● **Exercise objective**: Using the records below, find every line that includes "Sheet" and copy it.
===============
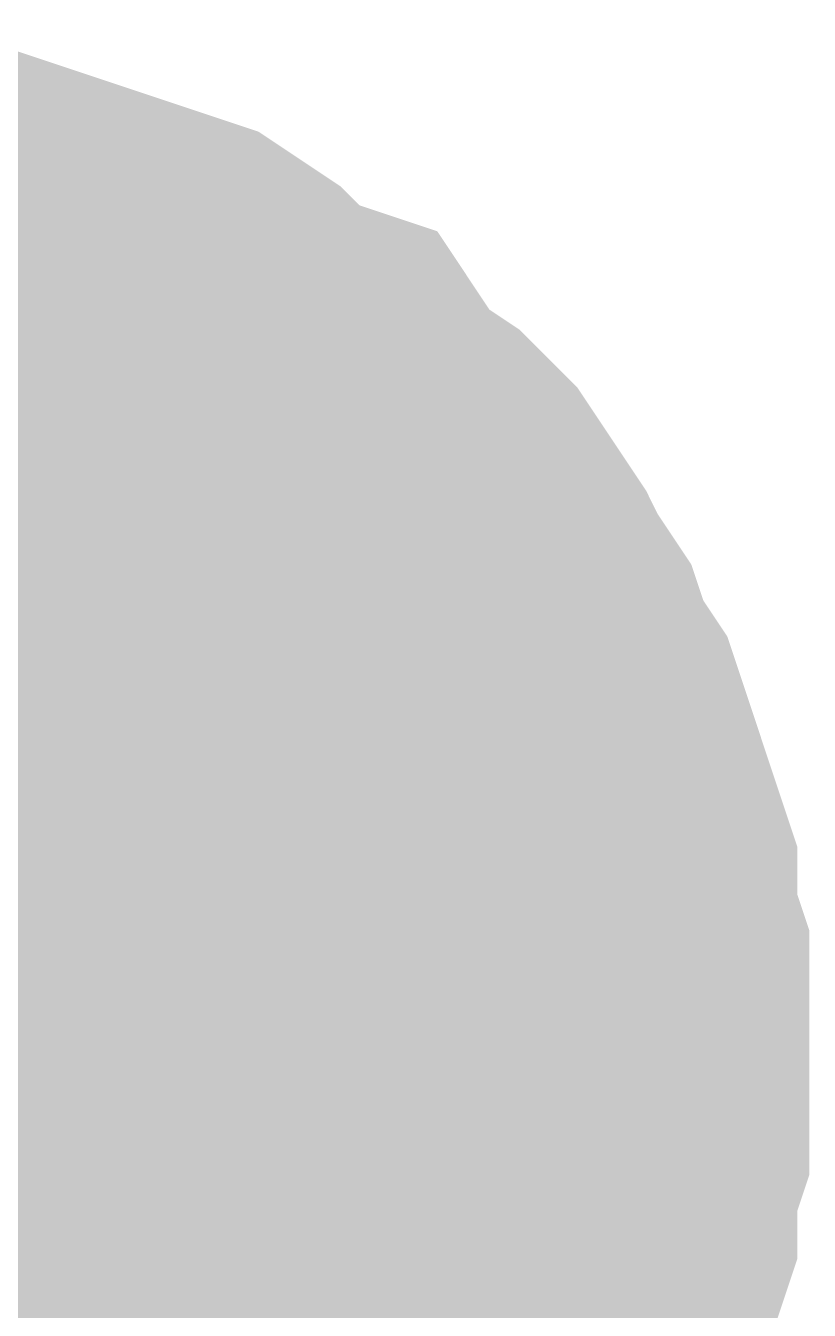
# Model space of a CAD drawing. Header units: inches. Extents: x -11.7 to 11.5, y 0 to 7.6.
# Drawn here: x 6.50634 to 6.52595, y 2.39346 to 2.42561 of the extents above; entities that cross this region are included whole.
import ezdxf

# ---------------------------------------------------------------- set-up
doc = ezdxf.new("R2010")
doc.units = ezdxf.units.IN
doc.header["$MEASUREMENT"] = 0
doc.layers.add('Sheet', color=255, linetype='Continuous')

msp = doc.modelspace()

# ---------------------------------------------------------------- linework, layer by layer
at = {"layer": 'Sheet'}
for points in [[(6.499948, 2.419709, 0.0118, 0.0118, 0), (6.500848, 2.419709, 0.0118, 0.0118, 0), (6.502048, 2.419709, 0.0118, 0.0118, 0), (6.502948, 2.419409, 0.0118, 0.0118, 0), (6.504148, 2.419409, 0.0118, 0.0118, 0), (6.505047, 2.419109, 0.0118, 0.0118, 0), (6.505947, 2.418809, 0.0118, 0.0118, 0), (6.506847, 2.418509, 0.0118, 0.0118, 0), (6.507747, 2.418209, 0.0118, 0.0118, 0), (6.508647, 2.417909, 0.0118, 0.0118, 0), (6.509547, 2.417609, 0.0118, 0.0118, 0), (6.510447, 2.417009, 0.0118, 0.0118, 0), (6.511047, 2.416409, 0.0118, 0.0118, 0), (6.511947, 2.415809, 0.0118, 0.0118, 0), (6.512847, 2.415509, 0.0118, 0.0118, 0), (6.513447, 2.414608, 0.0118, 0.0118, 0), (6.514047, 2.414008, 0.0118, 0.0118, 0), (6.514947, 2.413408, 0.0118, 0.0118, 0), (6.515547, 2.412808, 0.0118, 0.0118, 0), (6.516147, 2.411908, 0.0118, 0.0118, 0), (6.516747, 2.411008, 0.0118, 0.0118, 0), (6.517047, 2.410407, 0.0118, 0.0118, 0), (6.517647, 2.409507, 0.0118, 0.0118, 0), (6.517947, 2.408607, 0.0118, 0.0118, 0), (6.518547, 2.407707, 0.0118, 0.0118, 0), (6.518847, 2.406807, 0.0118, 0.0118, 0), (6.519146, 2.405907, 0.0118, 0.0118, 0), (6.519446, 2.405006, 0.0118, 0.0118, 0), (6.519746, 2.404106, 0.0118, 0.0118, 0), (6.519746, 2.402906, 0.0118, 0.0118, 0), (6.520046, 2.402006, 0.0118, 0.0118, 0), (6.520046, 2.400805, 0.0118, 0.0118, 0), (6.520046, 2.399905, 0.0118, 0.0118, 0)], [(6.499948, 2.419709, 0.0118, 0.0118, 0), (6.500848, 2.419709, 0.0118, 0.0118, 0), (6.502048, 2.419709, 0.0118, 0.0118, 0), (6.502948, 2.419409, 0.0118, 0.0118, 0), (6.504148, 2.419409, 0.0118, 0.0118, 0), (6.505047, 2.419109, 0.0118, 0.0118, 0), (6.505947, 2.418809, 0.0118, 0.0118, 0), (6.506847, 2.418509, 0.0118, 0.0118, 0), (6.507747, 2.418209, 0.0118, 0.0118, 0), (6.508647, 2.417909, 0.0118, 0.0118, 0), (6.509547, 2.417609, 0.0118, 0.0118, 0), (6.510447, 2.417009, 0.0118, 0.0118, 0), (6.511047, 2.416409, 0.0118, 0.0118, 0), (6.511947, 2.415809, 0.0118, 0.0118, 0), (6.512847, 2.415509, 0.0118, 0.0118, 0), (6.513447, 2.414608, 0.0118, 0.0118, 0), (6.514047, 2.414008, 0.0118, 0.0118, 0), (6.514947, 2.413408, 0.0118, 0.0118, 0), (6.515547, 2.412808, 0.0118, 0.0118, 0), (6.516147, 2.411908, 0.0118, 0.0118, 0), (6.516747, 2.411008, 0.0118, 0.0118, 0), (6.517047, 2.410407, 0.0118, 0.0118, 0), (6.517647, 2.409507, 0.0118, 0.0118, 0), (6.517947, 2.408607, 0.0118, 0.0118, 0), (6.518547, 2.407707, 0.0118, 0.0118, 0), (6.518847, 2.406807, 0.0118, 0.0118, 0), (6.519146, 2.405907, 0.0118, 0.0118, 0), (6.519446, 2.405006, 0.0118, 0.0118, 0), (6.519746, 2.404106, 0.0118, 0.0118, 0), (6.519746, 2.402906, 0.0118, 0.0118, 0), (6.520046, 2.402006, 0.0118, 0.0118, 0), (6.520046, 2.400805, 0.0118, 0.0118, 0), (6.520046, 2.399905, 0.0118, 0.0118, 0)], [(6.499948, 2.419709, 0.0118, 0.0118, 0), (6.500848, 2.419709, 0.0118, 0.0118, 0), (6.502048, 2.419709, 0.0118, 0.0118, 0), (6.502948, 2.419409, 0.0118, 0.0118, 0), (6.504148, 2.419409, 0.0118, 0.0118, 0), (6.505047, 2.419109, 0.0118, 0.0118, 0), (6.505947, 2.418809, 0.0118, 0.0118, 0), (6.506847, 2.418509, 0.0118, 0.0118, 0), (6.507747, 2.418209, 0.0118, 0.0118, 0), (6.508647, 2.417909, 0.0118, 0.0118, 0), (6.509547, 2.417609, 0.0118, 0.0118, 0), (6.510447, 2.417009, 0.0118, 0.0118, 0), (6.511047, 2.416409, 0.0118, 0.0118, 0), (6.511947, 2.415809, 0.0118, 0.0118, 0), (6.512847, 2.415509, 0.0118, 0.0118, 0), (6.513447, 2.414608, 0.0118, 0.0118, 0), (6.514047, 2.414008, 0.0118, 0.0118, 0), (6.514947, 2.413408, 0.0118, 0.0118, 0), (6.515547, 2.412808, 0.0118, 0.0118, 0), (6.516147, 2.411908, 0.0118, 0.0118, 0), (6.516747, 2.411008, 0.0118, 0.0118, 0), (6.517047, 2.410407, 0.0118, 0.0118, 0), (6.517647, 2.409507, 0.0118, 0.0118, 0), (6.517947, 2.408607, 0.0118, 0.0118, 0), (6.518547, 2.407707, 0.0118, 0.0118, 0), (6.518847, 2.406807, 0.0118, 0.0118, 0), (6.519146, 2.405907, 0.0118, 0.0118, 0), (6.519446, 2.405006, 0.0118, 0.0118, 0), (6.519746, 2.404106, 0.0118, 0.0118, 0), (6.519746, 2.402906, 0.0118, 0.0118, 0), (6.520046, 2.402006, 0.0118, 0.0118, 0), (6.520046, 2.400805, 0.0118, 0.0118, 0), (6.520046, 2.399905, 0.0118, 0.0118, 0)], [(6.499948, 2.419709, 0.0118, 0.0118, 0), (6.500848, 2.419709, 0.0118, 0.0118, 0), (6.502048, 2.419709, 0.0118, 0.0118, 0), (6.502948, 2.419409, 0.0118, 0.0118, 0), (6.504148, 2.419409, 0.0118, 0.0118, 0), (6.505047, 2.419109, 0.0118, 0.0118, 0), (6.505947, 2.418809, 0.0118, 0.0118, 0), (6.506847, 2.418509, 0.0118, 0.0118, 0), (6.507747, 2.418209, 0.0118, 0.0118, 0), (6.508647, 2.417909, 0.0118, 0.0118, 0), (6.509547, 2.417609, 0.0118, 0.0118, 0), (6.510447, 2.417009, 0.0118, 0.0118, 0), (6.511047, 2.416409, 0.0118, 0.0118, 0), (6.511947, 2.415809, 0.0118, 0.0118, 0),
===============
● **Result**:
doc.layers.add('Sheet', color=255, linetype='Continuous')
at = {"layer": 'Sheet'}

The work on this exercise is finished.